Assigned task: Go through the records line by line from the top and repeat each one exactly, ending with the line that contains "settings Model: SimulationMode=accelerator".
◆ ◆ ◆ ◆ ◆ ◆ ◆
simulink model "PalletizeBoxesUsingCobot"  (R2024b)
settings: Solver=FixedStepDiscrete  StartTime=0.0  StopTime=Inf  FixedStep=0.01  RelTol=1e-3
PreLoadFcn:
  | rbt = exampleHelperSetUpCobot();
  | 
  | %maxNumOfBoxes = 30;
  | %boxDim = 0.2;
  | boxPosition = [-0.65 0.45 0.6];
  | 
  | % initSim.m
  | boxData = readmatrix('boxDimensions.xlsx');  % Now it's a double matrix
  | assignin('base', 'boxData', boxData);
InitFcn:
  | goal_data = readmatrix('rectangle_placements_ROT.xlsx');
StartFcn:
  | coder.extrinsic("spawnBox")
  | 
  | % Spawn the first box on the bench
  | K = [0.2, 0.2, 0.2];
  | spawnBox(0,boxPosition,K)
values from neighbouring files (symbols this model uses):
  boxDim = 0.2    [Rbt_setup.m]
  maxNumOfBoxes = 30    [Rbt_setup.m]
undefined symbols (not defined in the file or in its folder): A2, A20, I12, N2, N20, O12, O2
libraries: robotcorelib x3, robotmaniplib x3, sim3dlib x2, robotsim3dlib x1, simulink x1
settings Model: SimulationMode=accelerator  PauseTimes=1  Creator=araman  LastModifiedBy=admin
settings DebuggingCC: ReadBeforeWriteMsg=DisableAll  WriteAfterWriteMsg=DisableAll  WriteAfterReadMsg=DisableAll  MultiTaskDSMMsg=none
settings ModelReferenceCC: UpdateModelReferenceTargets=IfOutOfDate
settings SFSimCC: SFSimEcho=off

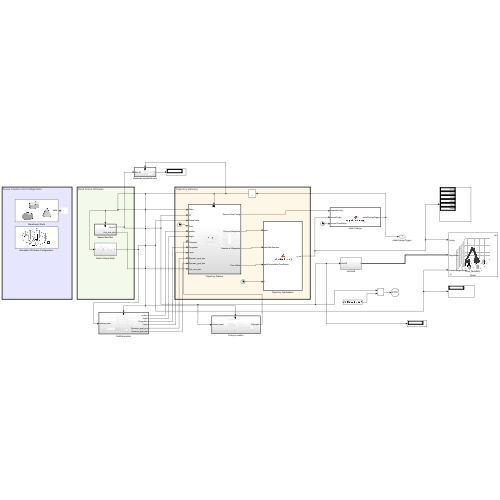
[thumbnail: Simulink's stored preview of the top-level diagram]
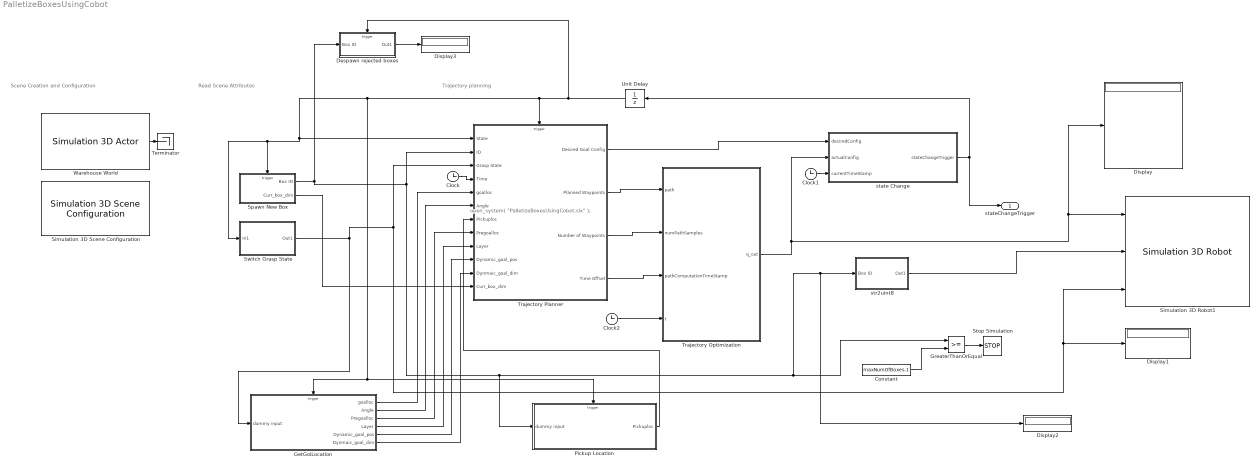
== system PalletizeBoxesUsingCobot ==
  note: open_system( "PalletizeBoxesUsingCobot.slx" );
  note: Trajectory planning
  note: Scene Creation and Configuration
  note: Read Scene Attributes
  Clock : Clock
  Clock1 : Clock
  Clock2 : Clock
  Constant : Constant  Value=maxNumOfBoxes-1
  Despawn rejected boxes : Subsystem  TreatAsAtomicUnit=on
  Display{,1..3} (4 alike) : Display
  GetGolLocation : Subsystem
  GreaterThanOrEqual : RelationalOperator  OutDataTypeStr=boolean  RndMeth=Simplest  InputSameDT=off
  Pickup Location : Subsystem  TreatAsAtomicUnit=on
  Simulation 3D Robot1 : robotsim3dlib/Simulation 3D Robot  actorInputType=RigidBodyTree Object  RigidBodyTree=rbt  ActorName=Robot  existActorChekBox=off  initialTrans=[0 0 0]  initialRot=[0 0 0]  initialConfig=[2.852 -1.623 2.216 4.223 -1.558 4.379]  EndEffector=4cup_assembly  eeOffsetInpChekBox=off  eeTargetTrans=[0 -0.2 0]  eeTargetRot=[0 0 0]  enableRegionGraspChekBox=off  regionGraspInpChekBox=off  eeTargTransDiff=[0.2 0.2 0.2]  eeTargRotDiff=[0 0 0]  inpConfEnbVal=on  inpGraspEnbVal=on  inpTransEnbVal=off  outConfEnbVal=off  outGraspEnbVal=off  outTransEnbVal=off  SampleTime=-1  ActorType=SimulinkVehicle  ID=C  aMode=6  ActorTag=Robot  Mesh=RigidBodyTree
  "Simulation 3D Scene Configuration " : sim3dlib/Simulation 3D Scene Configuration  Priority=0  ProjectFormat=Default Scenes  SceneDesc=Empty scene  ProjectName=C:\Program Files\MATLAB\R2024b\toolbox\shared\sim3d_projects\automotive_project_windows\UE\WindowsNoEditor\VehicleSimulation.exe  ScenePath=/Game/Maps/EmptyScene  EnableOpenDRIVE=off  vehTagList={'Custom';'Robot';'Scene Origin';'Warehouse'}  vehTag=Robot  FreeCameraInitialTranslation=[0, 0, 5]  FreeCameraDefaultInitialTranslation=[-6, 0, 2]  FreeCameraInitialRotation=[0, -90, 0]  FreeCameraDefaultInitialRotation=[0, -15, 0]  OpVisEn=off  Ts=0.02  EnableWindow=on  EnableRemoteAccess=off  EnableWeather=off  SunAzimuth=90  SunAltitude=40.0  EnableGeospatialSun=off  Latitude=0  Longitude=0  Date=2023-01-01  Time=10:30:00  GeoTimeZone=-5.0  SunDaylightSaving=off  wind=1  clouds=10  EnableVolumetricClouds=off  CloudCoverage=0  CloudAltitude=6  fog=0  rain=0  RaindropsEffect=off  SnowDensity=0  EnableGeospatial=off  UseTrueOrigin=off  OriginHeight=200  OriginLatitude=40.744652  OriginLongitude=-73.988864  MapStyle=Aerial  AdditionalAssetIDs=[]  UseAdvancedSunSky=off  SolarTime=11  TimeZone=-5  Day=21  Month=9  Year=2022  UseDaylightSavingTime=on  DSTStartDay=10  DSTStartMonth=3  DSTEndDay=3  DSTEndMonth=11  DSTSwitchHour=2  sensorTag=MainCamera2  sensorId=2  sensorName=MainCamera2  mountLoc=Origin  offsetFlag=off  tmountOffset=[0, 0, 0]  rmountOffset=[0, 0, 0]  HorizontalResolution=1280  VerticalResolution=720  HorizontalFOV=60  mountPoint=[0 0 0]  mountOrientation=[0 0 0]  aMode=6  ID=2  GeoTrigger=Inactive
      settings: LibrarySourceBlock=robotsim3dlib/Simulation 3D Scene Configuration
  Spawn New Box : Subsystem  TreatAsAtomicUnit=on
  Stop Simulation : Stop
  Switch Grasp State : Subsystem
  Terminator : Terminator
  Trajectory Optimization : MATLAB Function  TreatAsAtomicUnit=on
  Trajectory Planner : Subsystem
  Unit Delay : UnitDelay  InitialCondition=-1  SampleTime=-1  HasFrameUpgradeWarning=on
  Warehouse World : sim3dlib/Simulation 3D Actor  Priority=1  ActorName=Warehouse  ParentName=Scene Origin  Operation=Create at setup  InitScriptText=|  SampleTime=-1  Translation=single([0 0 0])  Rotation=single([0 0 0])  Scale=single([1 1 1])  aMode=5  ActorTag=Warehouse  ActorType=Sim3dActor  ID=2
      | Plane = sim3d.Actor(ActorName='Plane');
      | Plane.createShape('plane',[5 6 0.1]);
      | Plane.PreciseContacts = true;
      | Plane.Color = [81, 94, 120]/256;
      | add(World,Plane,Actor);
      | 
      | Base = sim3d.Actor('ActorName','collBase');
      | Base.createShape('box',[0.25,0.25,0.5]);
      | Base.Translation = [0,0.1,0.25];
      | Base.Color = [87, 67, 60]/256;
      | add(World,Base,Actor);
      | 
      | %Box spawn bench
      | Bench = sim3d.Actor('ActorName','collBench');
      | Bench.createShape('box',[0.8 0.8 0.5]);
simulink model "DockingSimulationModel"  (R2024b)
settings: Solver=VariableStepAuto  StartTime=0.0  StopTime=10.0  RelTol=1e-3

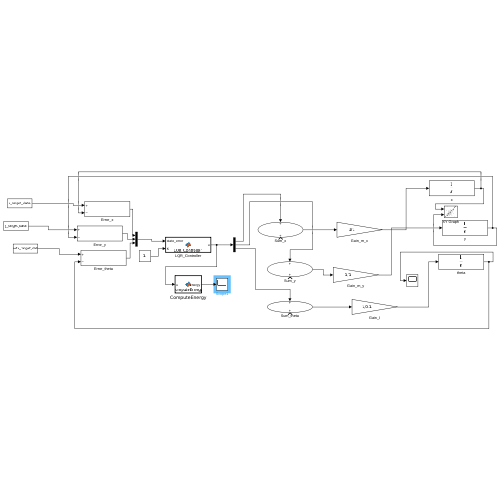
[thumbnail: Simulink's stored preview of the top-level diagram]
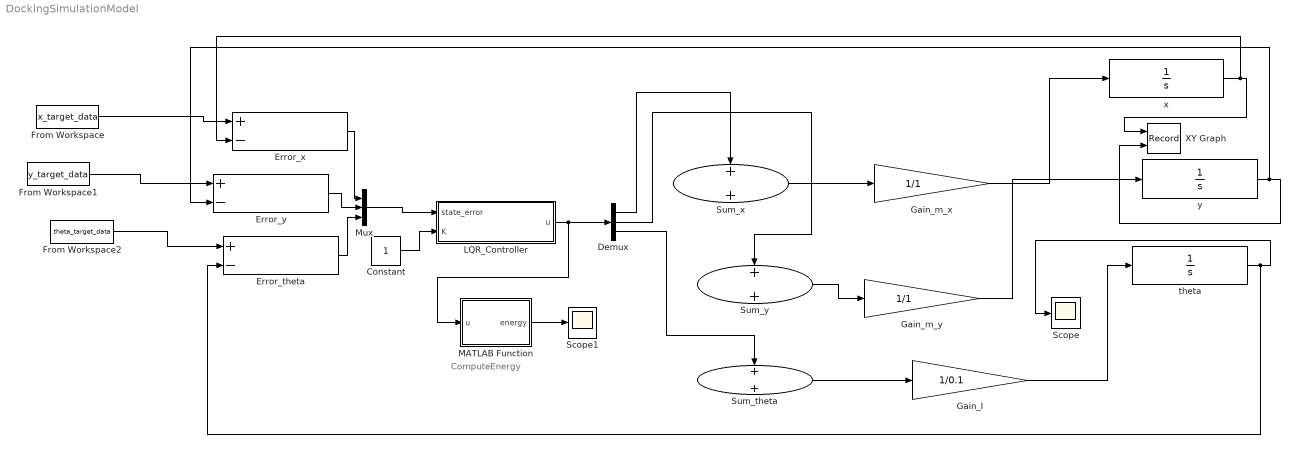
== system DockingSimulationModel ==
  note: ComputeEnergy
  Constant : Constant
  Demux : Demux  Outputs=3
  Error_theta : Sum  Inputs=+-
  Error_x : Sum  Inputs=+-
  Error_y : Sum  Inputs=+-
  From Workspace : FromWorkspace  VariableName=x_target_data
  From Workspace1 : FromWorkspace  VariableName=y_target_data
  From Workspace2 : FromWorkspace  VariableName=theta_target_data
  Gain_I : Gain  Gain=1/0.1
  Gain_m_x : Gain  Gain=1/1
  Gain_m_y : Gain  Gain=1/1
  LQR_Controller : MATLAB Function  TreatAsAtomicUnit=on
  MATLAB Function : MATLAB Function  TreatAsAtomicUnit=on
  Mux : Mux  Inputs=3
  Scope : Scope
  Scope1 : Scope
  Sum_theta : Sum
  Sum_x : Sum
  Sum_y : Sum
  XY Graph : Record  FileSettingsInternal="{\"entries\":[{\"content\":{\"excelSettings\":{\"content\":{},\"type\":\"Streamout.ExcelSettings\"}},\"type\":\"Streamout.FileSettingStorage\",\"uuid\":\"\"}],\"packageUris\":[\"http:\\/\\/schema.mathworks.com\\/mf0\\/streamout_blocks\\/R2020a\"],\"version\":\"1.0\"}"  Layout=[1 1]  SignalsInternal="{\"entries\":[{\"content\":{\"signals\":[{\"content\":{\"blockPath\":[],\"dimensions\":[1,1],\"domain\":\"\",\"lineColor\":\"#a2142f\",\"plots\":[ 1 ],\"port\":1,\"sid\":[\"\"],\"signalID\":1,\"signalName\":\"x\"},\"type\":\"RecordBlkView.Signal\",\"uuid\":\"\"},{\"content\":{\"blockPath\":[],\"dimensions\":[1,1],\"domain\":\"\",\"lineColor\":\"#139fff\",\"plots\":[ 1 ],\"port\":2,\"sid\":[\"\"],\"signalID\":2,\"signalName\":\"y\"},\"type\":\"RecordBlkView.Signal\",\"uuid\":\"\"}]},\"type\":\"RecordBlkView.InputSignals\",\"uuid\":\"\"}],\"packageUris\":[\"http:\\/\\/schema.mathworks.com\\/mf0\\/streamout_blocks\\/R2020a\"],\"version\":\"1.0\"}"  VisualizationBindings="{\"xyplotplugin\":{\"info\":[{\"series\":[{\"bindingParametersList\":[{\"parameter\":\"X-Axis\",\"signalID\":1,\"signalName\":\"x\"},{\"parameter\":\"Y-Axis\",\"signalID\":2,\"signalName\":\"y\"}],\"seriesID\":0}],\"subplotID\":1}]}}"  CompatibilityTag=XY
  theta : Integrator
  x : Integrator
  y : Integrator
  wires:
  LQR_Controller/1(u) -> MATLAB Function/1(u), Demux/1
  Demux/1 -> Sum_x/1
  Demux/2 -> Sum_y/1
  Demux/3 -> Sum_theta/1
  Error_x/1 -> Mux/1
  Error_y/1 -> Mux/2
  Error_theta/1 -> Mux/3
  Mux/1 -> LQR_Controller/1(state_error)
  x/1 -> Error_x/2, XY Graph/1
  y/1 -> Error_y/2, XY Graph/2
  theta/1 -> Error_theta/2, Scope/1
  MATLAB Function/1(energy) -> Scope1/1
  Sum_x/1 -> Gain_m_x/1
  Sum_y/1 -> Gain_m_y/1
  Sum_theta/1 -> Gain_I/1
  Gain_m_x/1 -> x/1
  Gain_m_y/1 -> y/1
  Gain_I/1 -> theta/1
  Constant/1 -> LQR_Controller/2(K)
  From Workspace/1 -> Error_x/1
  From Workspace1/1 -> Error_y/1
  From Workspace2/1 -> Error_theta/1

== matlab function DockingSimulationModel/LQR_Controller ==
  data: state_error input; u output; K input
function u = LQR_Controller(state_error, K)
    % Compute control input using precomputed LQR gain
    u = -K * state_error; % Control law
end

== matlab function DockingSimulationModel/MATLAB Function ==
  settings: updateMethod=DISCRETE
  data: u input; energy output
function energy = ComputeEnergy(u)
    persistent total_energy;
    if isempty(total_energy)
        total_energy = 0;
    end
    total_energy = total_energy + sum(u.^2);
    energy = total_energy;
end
◆ ◆ ◆ ◆ ◆ ◆ ◆
Response:
simulink model "PalletizeBoxesUsingCobot"  (R2024b)
settings: Solver=FixedStepDiscrete  StartTime=0.0  StopTime=Inf  FixedStep=0.01  RelTol=1e-3
PreLoadFcn:
  | rbt = exampleHelperSetUpCobot();
  | 
  | %maxNumOfBoxes = 30;
  | %boxDim = 0.2;
  | boxPosition = [-0.65 0.45 0.6];
  | 
  | % initSim.m
  | boxData = readmatrix('boxDimensions.xlsx');  % Now it's a double matrix
  | assignin('base', 'boxData', boxData);
InitFcn:
  | goal_data = readmatrix('rectangle_placements_ROT.xlsx');
StartFcn:
  | coder.extrinsic("spawnBox")
  | 
  | % Spawn the first box on the bench
  | K = [0.2, 0.2, 0.2];
  | spawnBox(0,boxPosition,K)
values from neighbouring files (symbols this model uses):
  boxDim = 0.2    [Rbt_setup.m]
  maxNumOfBoxes = 30    [Rbt_setup.m]
undefined symbols (not defined in the file or in its folder): A2, A20, I12, N2, N20, O12, O2
libraries: robotcorelib x3, robotmaniplib x3, sim3dlib x2, robotsim3dlib x1, simulink x1
settings Model: SimulationMode=accelerator  PauseTimes=1  Creator=araman  LastModifiedBy=admin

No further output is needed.